Potentially, functional significant gross structural abnormality of the heart or intrathoracic great vessels that are present at birth gives rise to congenital heart disease (CHD).[1] CHD has incidence of 8/1000 live births.[2] The prevalence of CHD in Asia was reported as 9.3 per 1,000 live births and its prevalence in Europe was significantly higher than in North America (8.2/1000 live births vs. 6.9/1000 live births.[3],[4],[5],[6],[7]
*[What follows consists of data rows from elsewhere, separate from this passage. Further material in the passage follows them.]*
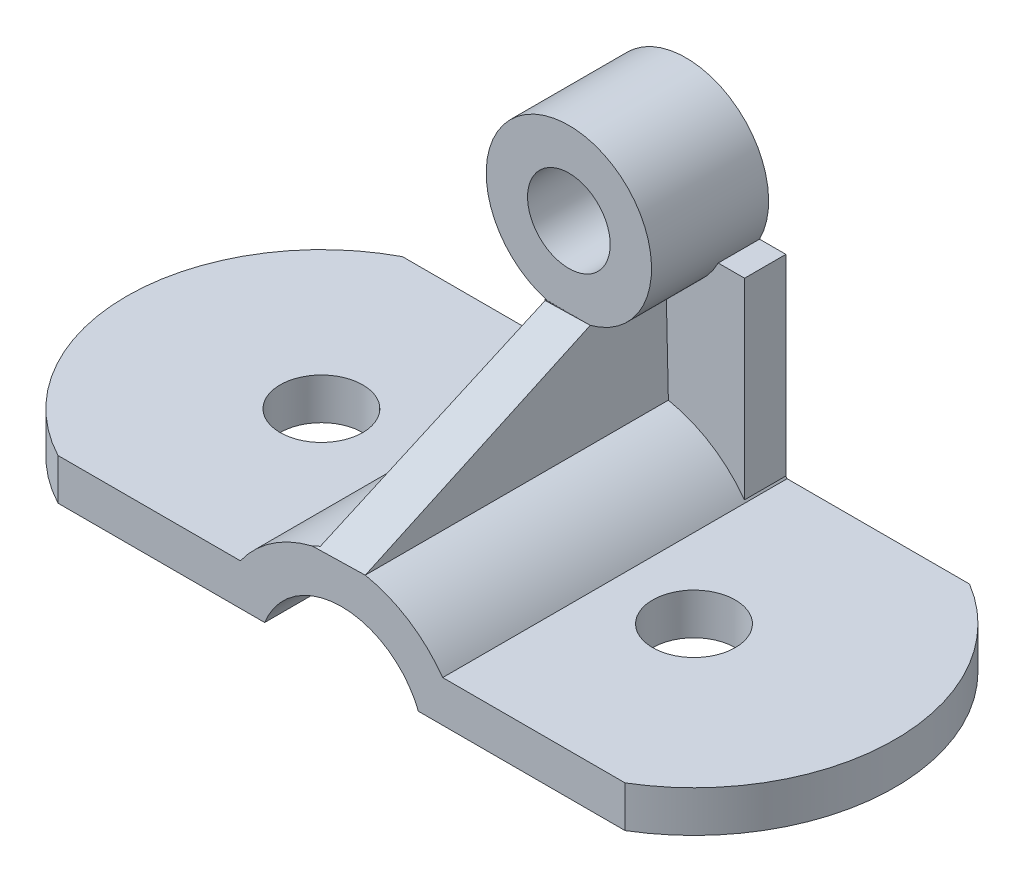
ISO-10303-21;
HEADER;
FILE_DESCRIPTION(('STEP AP214'),'2;1');
FILE_NAME('part.step','',(''),(''),'','','');
FILE_SCHEMA(('AUTOMOTIVE_DESIGN { 1 0 10303 214 1 1 1 1 }'));
ENDSEC;
DATA;
#1=APPLICATION_CONTEXT('core data for automotive mechanical design processes');
#2=APPLICATION_PROTOCOL_DEFINITION('international standard','automotive_design',2000,#1);
#3=PRODUCT_CONTEXT('',#1,'mechanical');
#4=PRODUCT('Part','Part','',(#3));
#5=PRODUCT_RELATED_PRODUCT_CATEGORY('part','',(#4));
#6=PRODUCT_DEFINITION_FORMATION('','',#4);
#7=PRODUCT_DEFINITION_CONTEXT('part definition',#1,'design');
#8=PRODUCT_DEFINITION('design','',#6,#7);
#9=PRODUCT_DEFINITION_SHAPE('','',#8);
#10=(LENGTH_UNIT() NAMED_UNIT(*) SI_UNIT(.MILLI.,.METRE.));
#11=(NAMED_UNIT(*) PLANE_ANGLE_UNIT() SI_UNIT($,.RADIAN.));
#12=(NAMED_UNIT(*) SI_UNIT($,.STERADIAN.) SOLID_ANGLE_UNIT());
#13=UNCERTAINTY_MEASURE_WITH_UNIT(LENGTH_MEASURE(1.E-05),#10,'distance_accuracy_value','');
#14=(GEOMETRIC_REPRESENTATION_CONTEXT(3) GLOBAL_UNCERTAINTY_ASSIGNED_CONTEXT((#13)) GLOBAL_UNIT_ASSIGNED_CONTEXT((#10,
#11,#12)) REPRESENTATION_CONTEXT('',''));
#15=CARTESIAN_POINT('',(0.,0.,0.));
#16=DIRECTION('',(0.,0.,1.));
#17=DIRECTION('',(1.,0.,0.));
#18=AXIS2_PLACEMENT_3D('',#15,#16,#17);
#19=CARTESIAN_POINT('',(22.3187070087078,-8.82469928436413,100.));
#20=DIRECTION('',(0.,0.,-1.));
#21=DIRECTION('',(-1.,0.,0.));
#22=AXIS2_PLACEMENT_3D('',#19,#20,#21);
#23=CYLINDRICAL_SURFACE('',#22,36.);
#24=DIRECTION('',(0.,0.,-1.));
#25=VECTOR('',#24,1.);
#26=CARTESIAN_POINT('',(29.206614960219,26.5102228756111,100.));
#27=LINE('',#26,#25);
#28=CARTESIAN_POINT('',(29.206614960219,26.5102228756111,100.));
#29=VERTEX_POINT('',#28);
#30=CARTESIAN_POINT('',(29.206614960219,26.5102228756111,12.));
#31=VERTEX_POINT('',#30);
#32=EDGE_CURVE('E274',#29,#31,#27,.T.);
#33=ORIENTED_EDGE('',*,*,#32,.F.);
#34=CARTESIAN_POINT('',(22.3187070087078,-8.82469928436413,100.));
#35=DIRECTION('',(0.,0.,1.));
#36=DIRECTION('',(1.,0.,0.));
#37=AXIS2_PLACEMENT_3D('',#34,#35,#36);
#38=CIRCLE('',#37,36.);
#39=CARTESIAN_POINT('',(51.6841952511295,12.,100.));
#40=VERTEX_POINT('',#39);
#41=EDGE_CURVE('E379',#40,#29,#38,.T.);
#42=ORIENTED_EDGE('',*,*,#41,.F.);
#43=DIRECTION('',(0.,0.,-1.));
#44=VECTOR('',#43,1.);
#45=CARTESIAN_POINT('',(51.6841952511295,12.,100.));
#46=LINE('',#45,#44);
#47=CARTESIAN_POINT('',(51.6841952511295,12.,0.));
#48=VERTEX_POINT('',#47);
#49=EDGE_CURVE('E415',#40,#48,#46,.T.);
#50=ORIENTED_EDGE('',*,*,#49,.T.);
#51=CARTESIAN_POINT('',(22.3187070087078,-8.82469928436413,0.));
#52=DIRECTION('',(0.,0.,1.));
#53=DIRECTION('',(1.,0.,0.));
#54=AXIS2_PLACEMENT_3D('',#51,#52,#53);
#55=CIRCLE('',#54,36.);
#56=CARTESIAN_POINT('',(51.3187070087078,12.5060297233374,0.));
#57=VERTEX_POINT('',#56);
#58=EDGE_CURVE('E401',#48,#57,#55,.T.);
#59=ORIENTED_EDGE('',*,*,#58,.T.);
#60=DIRECTION('',(0.,0.,-1.));
#61=VECTOR('',#60,1.);
#62=CARTESIAN_POINT('',(51.3187070087078,12.5060297233374,100.));
#63=LINE('',#62,#61);
#64=CARTESIAN_POINT('',(51.3187070087078,12.5060297233374,12.));
#65=VERTEX_POINT('',#64);
#66=EDGE_CURVE('E335',#65,#57,#63,.T.);
#67=ORIENTED_EDGE('',*,*,#66,.F.);
#68=CARTESIAN_POINT('',(22.3187070087078,-8.82469928436413,12.));
#69=DIRECTION('',(0.,0.,1.));
#70=DIRECTION('',(0.,-1.,0.));
#71=AXIS2_PLACEMENT_3D('',#68,#69,#70);
#72=CIRCLE('',#71,36.);
#73=EDGE_CURVE('E424',#65,#31,#72,.T.);
#74=ORIENTED_EDGE('',*,*,#73,.T.);
#75=EDGE_LOOP('',(#33,#42,#50,#59,#67,#74));
#76=FACE_BOUND('',#75,.T.);
#77=ADVANCED_FACE('F41',(#76),#23,.T.);
#78=CARTESIAN_POINT('',(13.8037736654294,26.1538071182759,100.));
#79=VERTEX_POINT('',#78);
#80=CARTESIAN_POINT('',(-7.04678123371384,12.,100.));
#81=VERTEX_POINT('',#80);
#82=EDGE_CURVE('E378',#79,#81,#38,.T.);
#83=ORIENTED_EDGE('',*,*,#82,.F.);
#84=CARTESIAN_POINT('',(22.3187070087078,-8.82469928436413,178.705674509862));
#85=DIRECTION('',(0.0211210367011272,-0.912765413968115,-0.407937741416855));
#86=DIRECTION('',(-0.00943699454614576,0.407828571836527,-0.913009747553505));
#87=AXIS2_PLACEMENT_3D('',#84,#85,#86);
#88=ELLIPSE('',#87,88.2487603989871,36.);
#89=CARTESIAN_POINT('',(15.4307990571966,26.5102228756111,99.2867551007535));
#90=VERTEX_POINT('',#89);
#91=EDGE_CURVE('E267',#79,#90,#88,.T.);
#92=ORIENTED_EDGE('',*,*,#91,.T.);
#93=DIRECTION('',(0.,0.,-1.));
#94=VECTOR('',#93,1.);
#95=CARTESIAN_POINT('',(15.4307990571966,26.5102228756111,100.));
#96=LINE('',#95,#94);
#97=CARTESIAN_POINT('',(15.4307990571967,26.5102228756111,12.));
#98=VERTEX_POINT('',#97);
#99=EDGE_CURVE('E277',#90,#98,#96,.T.);
#100=ORIENTED_EDGE('',*,*,#99,.T.);
#101=CARTESIAN_POINT('',(-1.68129299129219,18.0081164456333,12.));
#102=VERTEX_POINT('',#101);
#103=EDGE_CURVE('E421',#98,#102,#72,.T.);
#104=ORIENTED_EDGE('',*,*,#103,.T.);
#105=DIRECTION('',(0.,0.,-1.));
#106=VECTOR('',#105,1.);
#107=CARTESIAN_POINT('',(-1.68129299129219,18.0081164456333,100.));
#108=LINE('',#107,#106);
#109=CARTESIAN_POINT('',(-1.68129299129219,18.0081164456334,0.));
#110=VERTEX_POINT('',#109);
#111=EDGE_CURVE('E322',#102,#110,#108,.T.);
#112=ORIENTED_EDGE('',*,*,#111,.T.);
#113=CARTESIAN_POINT('',(-7.04678123371384,12.,0.));
#114=VERTEX_POINT('',#113);
#115=EDGE_CURVE('E400',#110,#114,#55,.T.);
#116=ORIENTED_EDGE('',*,*,#115,.T.);
#117=DIRECTION('',(0.,0.,-1.));
#118=VECTOR('',#117,1.);
#119=CARTESIAN_POINT('',(-7.04678123371384,12.,100.));
#120=LINE('',#119,#118);
#121=EDGE_CURVE('E412',#81,#114,#120,.T.);
#122=ORIENTED_EDGE('',*,*,#121,.F.);
#123=EDGE_LOOP('',(#83,#92,#100,#104,#112,#116,#122));
#124=FACE_BOUND('',#123,.T.);
#125=ADVANCED_FACE('F452',(#124),#23,.T.);
#126=CARTESIAN_POINT('',(51.3187070087078,68.2352134699063,12.));
#127=DIRECTION('',(0.,0.,1.));
#128=DIRECTION('',(0.,-1.,0.));
#129=AXIS2_PLACEMENT_3D('',#126,#127,#128);
#130=PLANE('',#129);
#131=CARTESIAN_POINT('',(22.3187070087078,79.1753007156359,12.));
#132=DIRECTION('',(0.,0.,1.));
#133=DIRECTION('',(0.,-1.,0.));
#134=AXIS2_PLACEMENT_3D('',#131,#132,#133);
#135=CIRCLE('',#134,24.);
#136=CARTESIAN_POINT('',(43.6802259400906,68.2352134699063,12.));
#137=VERTEX_POINT('',#136);
#138=CARTESIAN_POINT('',(28.5244298666703,55.9914916280385,12.));
#139=VERTEX_POINT('',#138);
#140=EDGE_CURVE('E300',#137,#139,#135,.F.);
#141=ORIENTED_EDGE('',*,*,#140,.T.);
#142=DIRECTION('',(0.0231334186274824,-0.999732386662854,0.));
#143=VECTOR('',#142,1.);
#144=CARTESIAN_POINT('',(28.2534649950084,67.7014927398735,12.));
#145=LINE('',#144,#143);
#146=EDGE_CURVE('E285',#139,#31,#145,.T.);
#147=ORIENTED_EDGE('',*,*,#146,.T.);
#148=ORIENTED_EDGE('',*,*,#73,.F.);
#149=DIRECTION('',(0.,1.,0.));
#150=VECTOR('',#149,1.);
#151=CARTESIAN_POINT('',(51.3187070087078,68.2352134699063,12.));
#152=LINE('',#151,#150);
#153=CARTESIAN_POINT('',(51.3187070087078,68.2352134699063,12.));
#154=VERTEX_POINT('',#153);
#155=EDGE_CURVE('E307',#65,#154,#152,.T.);
#156=ORIENTED_EDGE('',*,*,#155,.T.);
#157=DIRECTION('',(-1.,0.,0.));
#158=VECTOR('',#157,1.);
#159=CARTESIAN_POINT('',(51.3187070087078,68.2352134699063,12.));
#160=LINE('',#159,#158);
#161=EDGE_CURVE('E324',#154,#137,#160,.T.);
#162=ORIENTED_EDGE('',*,*,#161,.T.);
#163=EDGE_LOOP('',(#141,#147,#148,#156,#162));
#164=FACE_BOUND('',#163,.T.);
#165=ADVANCED_FACE('F468',(#164),#130,.T.);
#166=DIRECTION('',(0.,-1.,0.));
#167=VECTOR('',#166,1.);
#168=CARTESIAN_POINT('',(15.4307990571966,68.2352134699063,12.));
#169=LINE('',#168,#167);
#170=CARTESIAN_POINT('',(15.4307990571966,55.9914916280385,12.));
#171=VERTEX_POINT('',#170);
#172=EDGE_CURVE('E440',#171,#98,#169,.T.);
#173=ORIENTED_EDGE('',*,*,#172,.F.);
#174=DIRECTION('',(1.,0.,0.));
#175=VECTOR('',#174,1.);
#176=CARTESIAN_POINT('',(51.3187070087078,55.9914916280385,12.));
#177=LINE('',#176,#175);
#178=CARTESIAN_POINT('',(16.1129841507453,55.9914916280385,12.));
#179=VERTEX_POINT('',#178);
#180=EDGE_CURVE('E283',#171,#179,#177,.T.);
#181=ORIENTED_EDGE('',*,*,#180,.T.);
#182=CARTESIAN_POINT('',(0.957188077325033,68.2352134699063,12.));
#183=VERTEX_POINT('',#182);
#184=EDGE_CURVE('E297',#179,#183,#135,.F.);
#185=ORIENTED_EDGE('',*,*,#184,.T.);
#186=CARTESIAN_POINT('',(-1.68129299129219,68.2352134699063,12.));
#187=VERTEX_POINT('',#186);
#188=EDGE_CURVE('E327',#183,#187,#160,.T.);
#189=ORIENTED_EDGE('',*,*,#188,.T.);
#190=DIRECTION('',(0.,1.,0.));
#191=VECTOR('',#190,1.);
#192=CARTESIAN_POINT('',(-1.68129299129219,68.2352134699063,12.));
#193=LINE('',#192,#191);
#194=EDGE_CURVE('E315',#102,#187,#193,.T.);
#195=ORIENTED_EDGE('',*,*,#194,.F.);
#196=ORIENTED_EDGE('',*,*,#103,.F.);
#197=EDGE_LOOP('',(#173,#181,#185,#189,#195,#196));
#198=FACE_BOUND('',#197,.T.);
#199=ADVANCED_FACE('F490',(#198),#130,.T.);
#200=CARTESIAN_POINT('',(22.3187070087078,79.1753007156359,34.));
#201=DIRECTION('',(0.,0.,1.));
#202=DIRECTION('',(1.,0.,0.));
#203=AXIS2_PLACEMENT_3D('',#200,#201,#202);
#204=PLANE('',#203);
#205=CARTESIAN_POINT('',(22.3187070087078,79.1753007156359,34.));
#206=DIRECTION('',(0.,0.,1.));
#207=DIRECTION('',(1.,0.,0.));
#208=AXIS2_PLACEMENT_3D('',#205,#206,#207);
#209=CIRCLE('',#208,12.);
#210=CARTESIAN_POINT('',(34.3187070087078,79.1753007156359,34.));
#211=VERTEX_POINT('',#210);
#212=EDGE_CURVE('E288',#211,#211,#209,.T.);
#213=ORIENTED_EDGE('',*,*,#212,.F.);
#214=EDGE_LOOP('',(#213));
#215=FACE_BOUND('',#214,.T.);
#216=CARTESIAN_POINT('',(22.3187070087078,79.1753007156359,34.));
#217=DIRECTION('',(0.,0.,1.));
#218=DIRECTION('',(1.,0.,0.));
#219=AXIS2_PLACEMENT_3D('',#216,#217,#218);
#220=CIRCLE('',#219,24.);
#221=CARTESIAN_POINT('',(28.5244298666703,55.9914916280385,34.));
#222=VERTEX_POINT('',#221);
#223=CARTESIAN_POINT('',(16.1129841507453,55.9914916280385,34.));
#224=VERTEX_POINT('',#223);
#225=EDGE_CURVE('E294',#222,#224,#220,.T.);
#226=ORIENTED_EDGE('',*,*,#225,.T.);
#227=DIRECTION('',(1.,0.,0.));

Congenital heart diseases are divided into two major groups based on the presence or absence of cyanosis known as acyanotic CHD (ACHD) and cyanotic CHD (CCHD), respectively. Acyanotic CHD with left to right shunt has 3 types with most common defect being ventricular septal defect (VSD) (4, 8, 9), atrial septal defect (ASD) and patent ductus arteriosus (PDA). ACHD with obstructive lesion is coarctation of the aorta and valvular and supravalvular aortic stenosis.

The children with CCHD may present with cyanosis, cardiovascular collapse, cyanotic spells and congestive heart failure (CHF), or combinations of these presentations. Pure versions of specific defects may present in some patients, but many have various combinations of defects. More the combinations, high chances of poor outcomes are correlated. Two-dimensional echocardiography is emerging as an essential diagnostic tool for CCHD. In addition, it reduces the need for invasive studies such as cardiac catheterization.[10],[11] The X-ray and electrocardiogram are very relevant, easily reproducible, and bedside method for the evaluation of cardiac disorders. Chest X-ray can show not only cardiomegaly but specific cardiac silhouettes related with cardiac diseases, for example, in tetralogy of fallot (TOF) boot-shaped heart. The most common CCHD with decreased pulmonary blood flow includes transposition of great arteries (TGA) with pulmonary stenosis (5%–7%). Other pathologies are TOF (5%), tricuspid atresia (TA) with pulmonary stenosis, pulmonary atresia with intact ventricular septum.[12] CCHD with normal or increased pulmonary blood flow includes TGA, truncus arteriosus, double outlet right ventricle (DORV), and Ebstein's anomaly.[4]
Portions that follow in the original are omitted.